• _WHAT THIS TASK INVOLVES_: Transcribe the data below verbatim from the line with "#71=DIRECTION('',(0.766044443118982,-0.642787609686535,0.));" to the line with "#101=CARTESIAN_POINT('',(-2.37672562975828,-6.53,38.1));". Include both of those lines.

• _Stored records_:
-- Opening Marker --
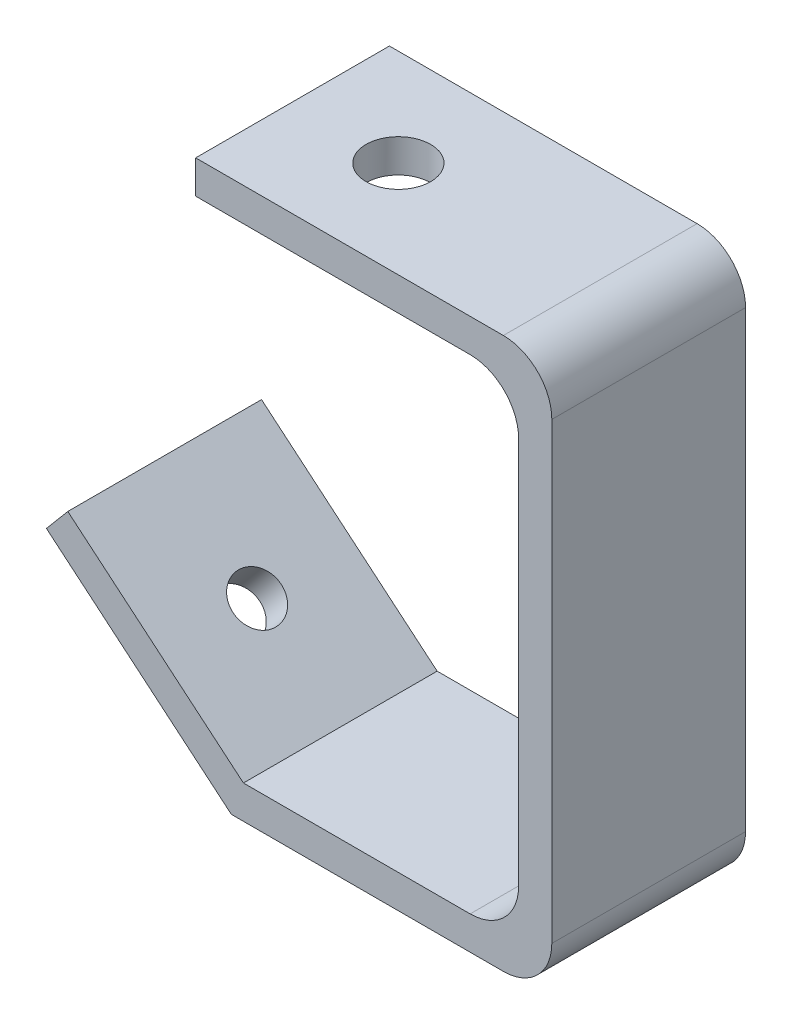
ISO-10303-21;
HEADER;
FILE_DESCRIPTION(('STEP AP214'),'2;1');
FILE_NAME('part.step','',(''),(''),'','','');
FILE_SCHEMA(('AUTOMOTIVE_DESIGN { 1 0 10303 214 1 1 1 1 }'));
ENDSEC;
DATA;
#1=APPLICATION_CONTEXT('core data for automotive mechanical design processes');
#2=APPLICATION_PROTOCOL_DEFINITION('international standard','automotive_design',2000,#1);
#3=PRODUCT_CONTEXT('',#1,'mechanical');
#4=PRODUCT('Part','Part','',(#3));
#5=PRODUCT_RELATED_PRODUCT_CATEGORY('part','',(#4));
#6=PRODUCT_DEFINITION_FORMATION('','',#4);
#7=PRODUCT_DEFINITION_CONTEXT('part definition',#1,'design');
#8=PRODUCT_DEFINITION('design','',#6,#7);
#9=PRODUCT_DEFINITION_SHAPE('','',#8);
#10=(LENGTH_UNIT() NAMED_UNIT(*) SI_UNIT(.MILLI.,.METRE.));
#11=(NAMED_UNIT(*) PLANE_ANGLE_UNIT() SI_UNIT($,.RADIAN.));
#12=(NAMED_UNIT(*) SI_UNIT($,.STERADIAN.) SOLID_ANGLE_UNIT());
#13=UNCERTAINTY_MEASURE_WITH_UNIT(LENGTH_MEASURE(1.E-05),#10,'distance_accuracy_value','');
#14=(GEOMETRIC_REPRESENTATION_CONTEXT(3) GLOBAL_UNCERTAINTY_ASSIGNED_CONTEXT((#13)) GLOBAL_UNIT_ASSIGNED_CONTEXT((#10,
#11,#12)) REPRESENTATION_CONTEXT('',''));
#15=CARTESIAN_POINT('',(0.,0.,0.));
#16=DIRECTION('',(0.,0.,1.));
#17=DIRECTION('',(1.,0.,0.));
#18=AXIS2_PLACEMENT_3D('',#15,#16,#17);
#19=CARTESIAN_POINT('',(0.,0.,38.1));
#20=DIRECTION('',(-0.642787609686535,-0.766044443118982,0.));
#21=DIRECTION('',(0.766044443118982,-0.642787609686535,0.));
#22=AXIS2_PLACEMENT_3D('',#19,#20,#21);
#23=PLANE('',#22);
#24=CARTESIAN_POINT('',(-16.36013323937,13.7277817671664,19.05));
#25=DIRECTION('',(-0.642787609686535,-0.766044443118982,0.));
#26=DIRECTION('',(0.766044443118982,-0.642787609686535,0.));
#27=AXIS2_PLACEMENT_3D('',#24,#25,#26);
#28=CIRCLE('',#27,4.765);
#29=CARTESIAN_POINT('',(-12.7099314679081,10.6648988070101,19.05));
#30=VERTEX_POINT('',#29);
#31=EDGE_CURVE('E333',#30,#30,#28,.T.);
#32=ORIENTED_EDGE('',*,*,#31,.T.);
#33=EDGE_LOOP('',(#32));
#34=FACE_BOUND('',#33,.T.);
#35=DIRECTION('',(-0.766044443118982,0.642787609686535,0.));
#36=VECTOR('',#35,1.);
#37=CARTESIAN_POINT('',(0.,0.,0.));
#38=LINE('',#37,#36);
#39=CARTESIAN_POINT('',(0.,0.,0.));
#40=VERTEX_POINT('',#39);
#41=CARTESIAN_POINT('',(-34.5409439402349,28.9832933207658,0.));
#42=VERTEX_POINT('',#41);
#43=EDGE_CURVE('E177',#40,#42,#38,.T.);
#44=ORIENTED_EDGE('',*,*,#43,.T.);
#45=DIRECTION('',(0.,0.,-1.));
#46=VECTOR('',#45,1.);
#47=CARTESIAN_POINT('',(-34.5409439402349,28.9832933207658,38.1));
#48=LINE('',#47,#46);
#49=CARTESIAN_POINT('',(-34.5409439402349,28.9832933207658,38.1));
#50=VERTEX_POINT('',#49);
#51=EDGE_CURVE('E11',#50,#42,#48,.T.);
#52=ORIENTED_EDGE('',*,*,#51,.F.);
#53=DIRECTION('',(-0.766044443118982,0.642787609686535,0.));
#54=VECTOR('',#53,1.);
#55=CARTESIAN_POINT('',(0.,0.,38.1));
#56=LINE('',#55,#54);
#57=CARTESIAN_POINT('',(0.,0.,38.1));
#58=VERTEX_POINT('',#57);
#59=EDGE_CURVE('E217',#58,#50,#56,.T.);
#60=ORIENTED_EDGE('',*,*,#59,.F.);
#61=DIRECTION('',(0.,0.,-1.));
#62=VECTOR('',#61,1.);
#63=CARTESIAN_POINT('',(0.,0.,38.1));
#64=LINE('',#63,#62);
#65=EDGE_CURVE('E173',#58,#40,#64,.T.);
#66=ORIENTED_EDGE('',*,*,#65,.T.);
#67=EDGE_LOOP('',(#44,#52,#60,#66));
#68=FACE_BOUND('',#67,.T.);
#69=ADVANCED_FACE('F39',(#34,#68),#23,.F.);
#70=CARTESIAN_POINT('',(-34.5409439402349,28.9832933207658,38.1));
#71=DIRECTION('',(0.766044443118982,-0.642787609686535,0.));
#72=DIRECTION('',(0.642787609686535,0.766044443118982,0.));
#73=AXIS2_PLACEMENT_3D('',#70,#71,#72);
#74=PLANE('',#73);
#75=DIRECTION('',(-0.642787609686535,-0.766044443118982,0.));
#76=VECTOR('',#75,1.);
#77=CARTESIAN_POINT('',(-34.5409439402349,28.9832933207658,0.));
#78=LINE('',#77,#76);
#79=CARTESIAN_POINT('',(-38.738347031488,23.9810231071989,0.));
#80=VERTEX_POINT('',#79);
#81=EDGE_CURVE('E181',#42,#80,#78,.T.);
#82=ORIENTED_EDGE('',*,*,#81,.T.);
#83=DIRECTION('',(0.,0.,-1.));
#84=VECTOR('',#83,1.);
#85=CARTESIAN_POINT('',(-38.738347031488,23.9810231071989,38.1));
#86=LINE('',#85,#84);
#87=CARTESIAN_POINT('',(-38.738347031488,23.9810231071989,38.1));
#88=VERTEX_POINT('',#87);
#89=EDGE_CURVE('E49',#88,#80,#86,.T.);
#90=ORIENTED_EDGE('',*,*,#89,.F.);
#91=DIRECTION('',(-0.642787609686535,-0.766044443118982,0.));
#92=VECTOR('',#91,1.);
#93=CARTESIAN_POINT('',(-34.5409439402349,28.9832933207658,38.1));
#94=LINE('',#93,#92);
#95=EDGE_CURVE('E118',#50,#88,#94,.T.);
#96=ORIENTED_EDGE('',*,*,#95,.F.);
#97=ORIENTED_EDGE('',*,*,#51,.T.);
#98=EDGE_LOOP('',(#82,#90,#96,#97));
#99=FACE_BOUND('',#98,.T.);
#100=ADVANCED_FACE('F326',(#99),#74,.F.);
#101=CARTESIAN_POINT('',(-2.37672562975828,-6.53,38.1));
#102=DIRECTION('',(0.642787609686535,0.766044443118982,0.));
#103=DIRECTION('',(-0.766044443118982,0.642787609686535,0.));
#104=AXIS2_PLACEMENT_3D('',#101,#102,#103);
#105=PLANE('',#104);
#106=CARTESIAN_POINT('',(-20.5575363306231,8.72551155359944,19.05));
#107=DIRECTION('',(-0.642787609686535,-0.766044443118982,0.));
#108=DIRECTION('',(0.766044443118982,-0.642787609686535,0.));
#109=AXIS2_PLACEMENT_3D('',#106,#107,#108);
#110=CIRCLE('',#109,4.765);
#111=CARTESIAN_POINT('',(-16.9073345591612,5.6626285934431,19.05));
#112=VERTEX_POINT('',#111);
#113=EDGE_CURVE('E337',#112,#112,#110,.T.);
#114=ORIENTED_EDGE('',*,*,#113,.F.);
#115=EDGE_LOOP('',(#114));
#116=FACE_BOUND('',#115,.T.);
#117=DIRECTION('',(0.766044443118982,-0.642787609686535,0.));
#118=VECTOR('',#117,1.);
#119=CARTESIAN_POINT('',(-2.37672562975828,-6.53,0.));
#120=LINE('',#119,#118);
#121=CARTESIAN_POINT('',(-2.37672562975828,-6.53,0.));
#122=VERTEX_POINT('',#121);
#123=EDGE_CURVE('E184',#80,#122,#120,.T.);
#124=ORIENTED_EDGE('',*,*,#123,.T.);
#125=DIRECTION('',(0.,0.,-1.));
#126=VECTOR('',#125,1.);
#127=CARTESIAN_POINT('',(-2.37672562975828,-6.53,38.1));
#128=LINE('',#127,#126);
#129=CARTESIAN_POINT('',(-2.37672562975828,-6.53,38.1));
#130=VERTEX_POINT('',#129);
#131=EDGE_CURVE('E252',#130,#122,#128,.T.);
#132=ORIENTED_EDGE('',*,*,#131,.F.);
#133=DIRECTION('',(0.766044443118982,-0.642787609686535,0.));
#134=VECTOR('',#133,1.);
#135=CARTESIAN_POINT('',(-2.37672562975828,-6.53,38.1));
#136=LINE('',#135,#134);
#137=EDGE_CURVE('E263',#88,#130,#136,.T.);
#138=ORIENTED_EDGE('',*,*,#137,.F.);
#139=ORIENTED_EDGE('',*,*,#89,.T.);
#140=EDGE_LOOP('',(#124,#132,#138,#139));
#141=FACE_BOUND('',#140,.T.);
#142=ADVANCED_FACE('F261',(#116,#141),#105,.F.);
#143=CARTESIAN_POINT('',(-2.37672562975828,-6.53,38.1));
#144=DIRECTION('',(0.,1.,0.));
#145=DIRECTION('',(0.,0.,1.));
#146=AXIS2_PLACEMENT_3D('',#143,#144,#145);
#147=PLANE('',#146);
#148=DIRECTION('',(1.,0.,0.));
#149=VECTOR('',#148,1.);
#150=CARTESIAN_POINT('',(-2.37672562975828,-6.53,0.));
#151=LINE('',#150,#149);
#152=CARTESIAN_POINT('',(51.1209999999999,-6.53,0.));
#153=VERTEX_POINT('',#152);
#154=EDGE_CURVE('E187',#122,#153,#151,.T.);
#155=ORIENTED_EDGE('',*,*,#154,.T.);
#156=DIRECTION('',(0.,0.,-1.));
#157=VECTOR('',#156,1.);
#158=CARTESIAN_POINT('',(51.1209999999999,-6.53,38.1));
#159=LINE('',#158,#157);
#160=CARTESIAN_POINT('',(51.1209999999999,-6.53,38.1));
#161=VERTEX_POINT('',#160);
#162=EDGE_CURVE('E248',#161,#153,#159,.T.);
#163=ORIENTED_EDGE('',*,*,#162,.F.);
#164=DIRECTION('',(1.,0.,0.));
#165=VECTOR('',#164,1.);
#166=CARTESIAN_POINT('',(-2.37672562975828,-6.53,38.1));
#167=LINE('',#166,#165);
#168=EDGE_CURVE('E282',#130,#161,#167,.T.);
#169=ORIENTED_EDGE('',*,*,#168,.F.);
#170=ORIENTED_EDGE('',*,*,#131,.T.);
#171=EDGE_LOOP('',(#155,#163,#169,#170));
#172=FACE_BOUND('',#171,.T.);
#173=ADVANCED_FACE('F272',(#172),#147,.F.);
#174=CARTESIAN_POINT('',(51.121,3.,38.1));
#175=DIRECTION('',(0.,0.,-1.));
#176=DIRECTION('',(-1.,0.,0.));
#177=AXIS2_PLACEMENT_3D('',#174,#175,#176);
#178=CYLINDRICAL_SURFACE('',#177,9.53);
#179=CARTESIAN_POINT('',(51.121,3.,0.));
#180=DIRECTION('',(0.,0.,1.));
#181=DIRECTION('',(1.,0.,0.));
#182=AXIS2_PLACEMENT_3D('',#179,#180,#181);
#183=CIRCLE('',#182,9.53);
#184=CARTESIAN_POINT('',(60.651,3.00000000000007,0.));
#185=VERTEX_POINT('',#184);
-- Closing Marker --
• _ANSWER_:
#71=DIRECTION('',(0.766044443118982,-0.642787609686535,0.));
#72=DIRECTION('',(0.642787609686535,0.766044443118982,0.));
#73=AXIS2_PLACEMENT_3D('',#70,#71,#72);
#74=PLANE('',#73);
#75=DIRECTION('',(-0.642787609686535,-0.766044443118982,0.));
#76=VECTOR('',#75,1.);
#77=CARTESIAN_POINT('',(-34.5409439402349,28.9832933207658,0.));
#78=LINE('',#77,#76);
#79=CARTESIAN_POINT('',(-38.738347031488,23.9810231071989,0.));
#80=VERTEX_POINT('',#79);
#81=EDGE_CURVE('E181',#42,#80,#78,.T.);
#82=ORIENTED_EDGE('',*,*,#81,.T.);
#83=DIRECTION('',(0.,0.,-1.));
#84=VECTOR('',#83,1.);
#85=CARTESIAN_POINT('',(-38.738347031488,23.9810231071989,38.1));
#86=LINE('',#85,#84);
#87=CARTESIAN_POINT('',(-38.738347031488,23.9810231071989,38.1));
#88=VERTEX_POINT('',#87);
#89=EDGE_CURVE('E49',#88,#80,#86,.T.);
#90=ORIENTED_EDGE('',*,*,#89,.F.);
#91=DIRECTION('',(-0.642787609686535,-0.766044443118982,0.));
#92=VECTOR('',#91,1.);
#93=CARTESIAN_POINT('',(-34.5409439402349,28.9832933207658,38.1));
#94=LINE('',#93,#92);
#95=EDGE_CURVE('E118',#50,#88,#94,.T.);
#96=ORIENTED_EDGE('',*,*,#95,.F.);
#97=ORIENTED_EDGE('',*,*,#51,.T.);
#98=EDGE_LOOP('',(#82,#90,#96,#97));
#99=FACE_BOUND('',#98,.T.);
#100=ADVANCED_FACE('F326',(#99),#74,.F.);
#101=CARTESIAN_POINT('',(-2.37672562975828,-6.53,38.1));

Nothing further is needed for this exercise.